That diversification is a real strength. Just as important, this approach is unique in the public REIT market, as few peers are focused on small-format, necessity-driven retail and service tenancies. FrontView has now been public for just over one year. Over these last 12 months, we have experienced and worked through a number of circumstances that have made FrontView a stronger company today. To highlight, we have optimized our portfolio. We have an effective C-suite with industry-leading talent. We have been intelligent stewards of capital. We have kept a low levered balance sheet with ample liquidity. We have demonstrated the value, fungibility, and desirability of our frontage assets. We have focused on operational excellence to support increased AFFO for sure guidance, all while recycling assets. We have thoroughly revamped our external materials, including our investor presentation, supplemental, and website.

We have shown through dispositions that there is currently a significant dislocation in our share price relative to NAV. We have maintained a conservative dividend payout ratio. Finally, we have carefully tailored a perpetual preferred equity investment to have capital in place to accretively grow throughout 2026. I am excited for what lies ahead for FrontView as a public company.
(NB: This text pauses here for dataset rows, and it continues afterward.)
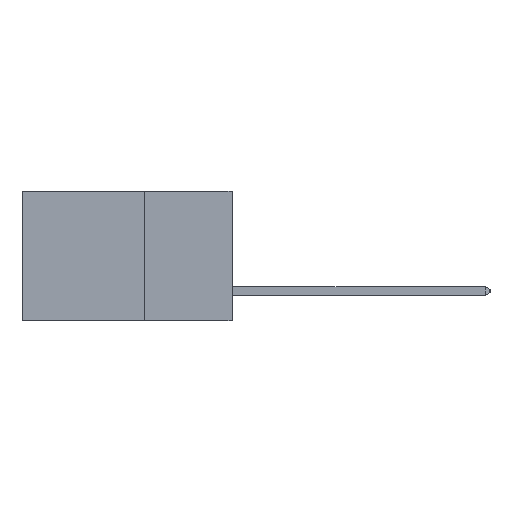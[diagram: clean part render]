
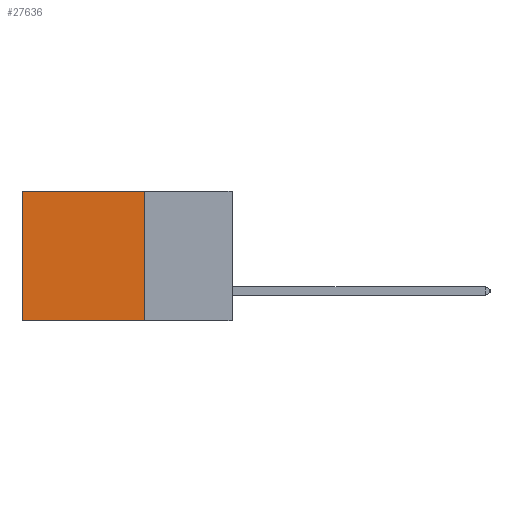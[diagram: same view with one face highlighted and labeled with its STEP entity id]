
A CAD part, left-side view. The second image highlights one B-rep face of the part: STEP entity #27636.
In plain terms, the highlighted planar face has unit normal (-1, 0, 0).
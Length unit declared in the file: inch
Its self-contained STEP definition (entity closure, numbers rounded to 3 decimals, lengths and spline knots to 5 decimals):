
#1595 = CARTESIAN_POINT ( 'NONE',  ( 0.2875, 0.25, 0. ) ) ;
#2182 = DIRECTION ( 'NONE',  ( 0., 0., -1. ) ) ;
#3926 = DIRECTION ( 'NONE',  ( 0., 0., -1. ) ) ;
#4047 = CARTESIAN_POINT ( 'NONE',  ( 0.2875, 0.25, -0.37 ) ) ;
#4382 = EDGE_LOOP ( 'NONE', ( #35446, #22018, #18502, #9916 ) ) ;
#6967 = DIRECTION ( 'NONE',  ( 0., 1., 0. ) ) ;
#8292 = EDGE_CURVE ( 'NONE', #30082, #29837, #19361, .T. ) ;
#9916 = ORIENTED_EDGE ( 'NONE', *, *, #23894, .T. ) ;
#10912 = CARTESIAN_POINT ( 'NONE',  ( 0.2875, 0.6, 0. ) ) ;
#11705 = VECTOR ( 'NONE', #6967, 39.37008 ) ;
#12371 = EDGE_CURVE ( 'NONE', #17077, #29837, #17135, .T. ) ;
#14819 = DIRECTION ( 'NONE',  ( 0., 0., -1. ) ) ;
#15523 = LINE ( 'NONE', #1595, #29718 ) ;
#17077 = VERTEX_POINT ( 'NONE', #35579 ) ;
#17135 = LINE ( 'NONE', #10912, #23811 ) ;
#18344 = CARTESIAN_POINT ( 'NONE',  ( 0.2875, 0.25, 0. ) ) ;
#18502 = ORIENTED_EDGE ( 'NONE', *, *, #19876, .F. ) ;
#19361 = LINE ( 'NONE', #4047, #11705 ) ;
#19876 = EDGE_CURVE ( 'NONE', #34448, #30082, #25741, .T. ) ;
#21170 = DIRECTION ( 'NONE',  ( 1., 0., 0. ) ) ;
#21757 = DIRECTION ( 'NONE',  ( 0., 1., 0. ) ) ;
#22018 = ORIENTED_EDGE ( 'NONE', *, *, #8292, .F. ) ;
#23811 = VECTOR ( 'NONE', #2182, 39.37008 ) ;
#23836 = CARTESIAN_POINT ( 'NONE',  ( 0.2875, 0.6, -0.37 ) ) ;
#23894 = EDGE_CURVE ( 'NONE', #34448, #17077, #15523, .T. ) ;
#24850 = VECTOR ( 'NONE', #14819, 39.37008 ) ;
#25741 = LINE ( 'NONE', #28942, #24850 ) ;
#27636 = ADVANCED_FACE ( 'NONE', ( #31164 ), #35165, .F. ) ;
#28942 = CARTESIAN_POINT ( 'NONE',  ( 0.2875, 0.25, 0. ) ) ;
#29535 = CARTESIAN_POINT ( 'NONE',  ( 0.2875, 0.25, 0. ) ) ;
#29718 = VECTOR ( 'NONE', #21757, 39.37008 ) ;
#29837 = VERTEX_POINT ( 'NONE', #23836 ) ;
#30082 = VERTEX_POINT ( 'NONE', #36552 ) ;
#31164 = FACE_OUTER_BOUND ( 'NONE', #4382, .T. ) ;
#32653 = AXIS2_PLACEMENT_3D ( 'NONE', #18344, #21170, #3926 ) ;
#34448 = VERTEX_POINT ( 'NONE', #29535 ) ;
#35165 = PLANE ( 'NONE',  #32653 ) ;
#35446 = ORIENTED_EDGE ( 'NONE', *, *, #12371, .T. ) ;
#35579 = CARTESIAN_POINT ( 'NONE',  ( 0.2875, 0.6, 0. ) ) ;
#36552 = CARTESIAN_POINT ( 'NONE',  ( 0.2875, 0.25, -0.37 ) ) ;

During the third quarter, we acquired three properties for approximately $15.8 million at an average cap rate of 7.5%, with a weighted average remaining lease term of approximately 11 years. From an industry perspective, we continue to add diversification, adding financial, fitness, and discount retail uses. There were several acquisitions planned for the third quarter that shifted into the fourth quarter, as reflected in our guidance.

The acquisition market remains very open to FrontView, with our competitive advantages in tow, so our timing in securing this accretive capital is particularly well-suited to continue to take advantage of our buy-side opportunities within the marketplace. In terms of property dispositions, we sold 15 properties for $32.9 million during the quarter. Thirteen were occupied properties, generating proceeds of $30.1 million at an average cash cap rate of approximately 6.78%. These properties had an average weighted lease term of eight years. Our current target dispositions are assets with lower WALTs and/or less optimal concepts. For example, through our recent dispositions, we have eliminated all portfolio exposure to the following concepts: Ruby Tuesday, Red Lobster, Bob Evans, Red Robin, Freddy's, Denny's, Dairy Queen, Hardee's, Café Rio, and Razzoos.

Although these concepts are household names, national or regional tenants that were rent-paying, we are focused on optimizing the portfolio by disposing of concepts that we think are or could become under pressure in the future. These asset sales demonstrate the continued desirability and liquidity of our real estate assets and highlight the meaningful spread between our stock's implied cap rate of approximately 9% and where our assets are transacting in the market, where our peers' implied cap rates are, both of which are approximately 6.75%. Looking at net investment levels, we were again net sellers this quarter, and our debt to annualized adjusted EBITDA fell to 5.3 times, with an LTV below 35%, leaving the company's balance sheet profile and liquidity in fantastic shape. Turning to the portfolio, we closed the quarter with occupancy north of 98% and just six vacant assets, an improvement from last quarter.

We have resolved the 12 previously reported troubled assets, with 10 either sold or leased, and one under contract to sell, with an overall recovery rate of approximately 85% for these 11 assets. Additionally, as has been broadly highlighted in the media, Tricolor's alleged fraud impacted several large financial institutions, with losses in the hundreds of millions. We had one Tricolor property, and we have already received multiple offers to buy and multiple offers to lease the property. Based upon these prospects, we are confident we will have an excellent outcome with minimal downtime and affirmation of our frontage-based strategy. Our assets are located in high-visibility, high-traffic corridors, properties that attract a diverse mix of users. That allows us, when necessary, to retain it, repurpose, or sell efficiently to unlock value. As we've optimized the portfolio, what remains is a higher-quality, better-tenanted portfolio with stronger concepts.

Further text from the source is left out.